The largest area of uncertainty for the mid-year economic outlook is the Trump administration’s approach to trade policies, economists agreed.

 

“A real trade war is probably the greatest risk the economy faces going into the second half of the year,” Vitner said. “Clearly, we hope that there is going to be some sort of settlement that comes about that avoids an outright trade war, but it just doesn’t look that way right now.”
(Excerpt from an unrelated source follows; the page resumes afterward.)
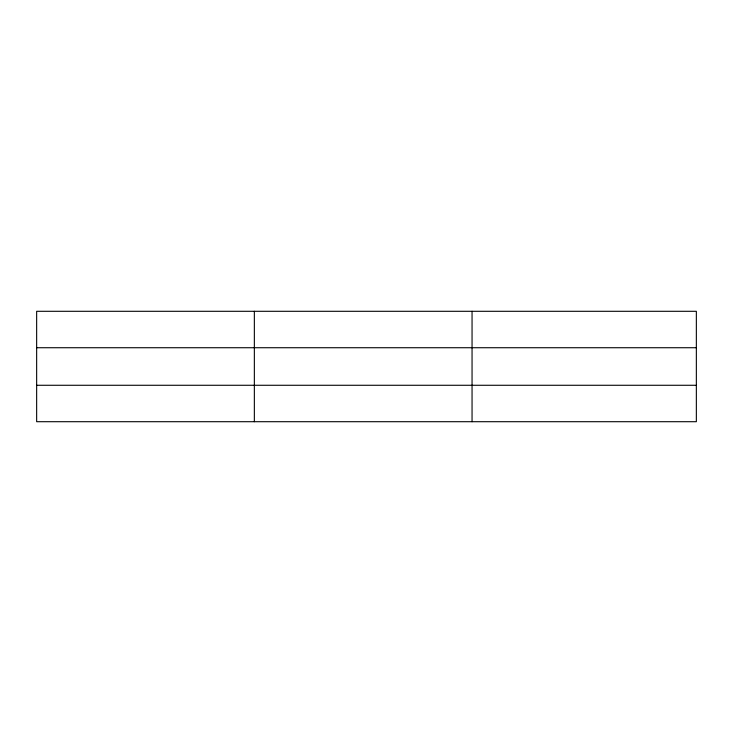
<?xml version="1.0" encoding="UTF-8"?>
<svg xmlns="http://www.w3.org/2000/svg" width="733" height="733" viewBox="0 0 733 733"><rect width="100%" height="100%" fill="white"/><g stroke="black" fill="none" stroke-linecap="round" stroke-linejoin="round"><path stroke-width="1.1" d="M254.351 311.296L254.351 421.704M472.052 311.296L472.052 421.704M696.35 385.274L696.35 421.704L36.65 421.704L36.65 311.296L696.35 311.296L696.35 385.274L36.65 385.274M36.65 347.726L696.35 347.726"/></g></svg>
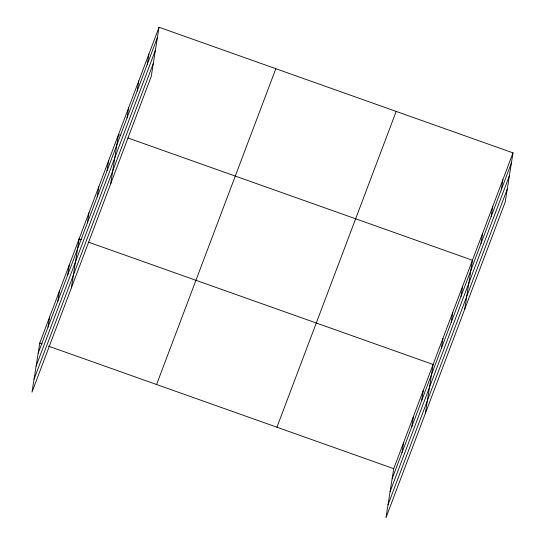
<?xml version="1.0" encoding="UTF-8"?>
<svg xmlns="http://www.w3.org/2000/svg" width="545" height="545" viewBox="0 0 545 545"><rect width="100%" height="100%" fill="white"/><g stroke="black" fill="none" stroke-linecap="round" stroke-linejoin="round"><path stroke-width="0.82" d="M159.038 27.25L39.771 343.057L31.998 392.128L151.265 76.327L159.038 27.25L513.002 152.873L505.229 201.943L385.962 517.75L393.735 468.673L513.002 152.873M48.008 327.143L49.615 316.999M57.845 301.092L59.453 290.948M67.682 275.041L69.29 264.89M71.354 287.917L79.127 238.839L81.498 239.677M87.364 222.932L88.971 212.782M97.201 196.874L98.808 186.731M107.038 170.823L108.646 160.68M110.71 183.699L118.483 134.622L120.854 135.467M127.019 117.924L128.62 107.781M137.156 91.083L138.757 80.939M147.293 64.242L148.894 54.091M401.972 452.766L403.579 442.622M411.809 426.715L413.417 416.564M421.646 400.657L423.254 390.513M425.325 413.532L433.091 364.462L88.603 242.198M441.327 348.548L442.935 338.404M451.165 322.497L452.772 312.353M461.002 296.446L462.61 286.295M464.681 309.322L472.454 260.244L127.959 137.987M480.983 243.547L482.591 233.403M491.12 216.706L492.728 206.555M501.257 189.858L502.865 179.714M38.164 353.201L157.43 37.394M36.133 366.049L155.393 50.242M34.035 379.279L153.295 63.479M156.585 384.511L275.845 68.704M276.928 427.219L396.188 111.418M392.134 478.823L511.394 163.016M390.097 491.665L509.357 175.865M387.999 504.902L507.259 189.101M39.771 343.057L42.142 343.895M48.457 346.136L393.735 468.673"/></g></svg>

(Photograph courtesy of the Long Beach Convention & Visitors Bureau)

 

In June, the Trump administration announced tariffs on $50 billion worth of Chinese goods, and the Chinese government responded in kind by announcing tariffs on $50 billion in U.S. exports. President Trump then announced he would seek additional tariffs on $200 billion worth of Chinese goods, which have yet to be implemented. While other tariffs, such as on steel and aluminum, have been implemented on European countries and other allies, the escalating trade tensions with China weigh more heavily on the San Pedro Bay ports, which handle most of the country’s maritime trade with China.

 

Vitner acknowledged that the imbalance of trade between the two countries should be addressed, but said that he is concerned about potential outcomes of the current situation. “There are two potential outcomes that trouble me. One would be that we come to some sort of agreement that looks good on the surface but doesn’t address any of the fundamental issues,” he said. “And the other outcome would be that we hit some sort of a protracted trade battle where we place successively higher tariffs on each other’s goods and the volume of international trade contracts. That’s probably the most damaging outcome.”

 

Kleinhenz noted that the San Pedro Bay ports are expecting a combined record year for cargo volumes, barring negative impacts associated with the trade dispute with China. “We don’t have a trade war. We are still in the scuffle stage,” he said. “Despite all the uproar with regard to trade restrictions, the economy seems to be weathering this fairly well, and in the general sense, we’re seeing that the trade numbers are holding up now. But all these announcements and all these actions certainly create an element of uncertainty and lead to hesitation on the part of businesses, whether it’s to produce that next crop in the fields of California that they expect to export, or whether to make enough of manufactured goods in anticipation of selling abroad.”

 

Kleinhenz added, “If these tariffs are actually implemented, and if retaliation occurs, then the pain is going to be borne by America’s exporting companies, and also by America’s consumers who are importing goods from abroad. It doesn’t seem to be a winning outcome.”

 

However, trade disputes are not going to derail the economy, Kleinhenz asserted. “Our internal economic growth dynamic is fundamentally driven by the domestic private sector of the economy, with 70% of the economy driven by the consumer sector and another 17% or so driven by the business sector,” he explained. “We want to make it clear that it’s not like we are any closer to having a recession because of the trade discussion and everything that’s going on.”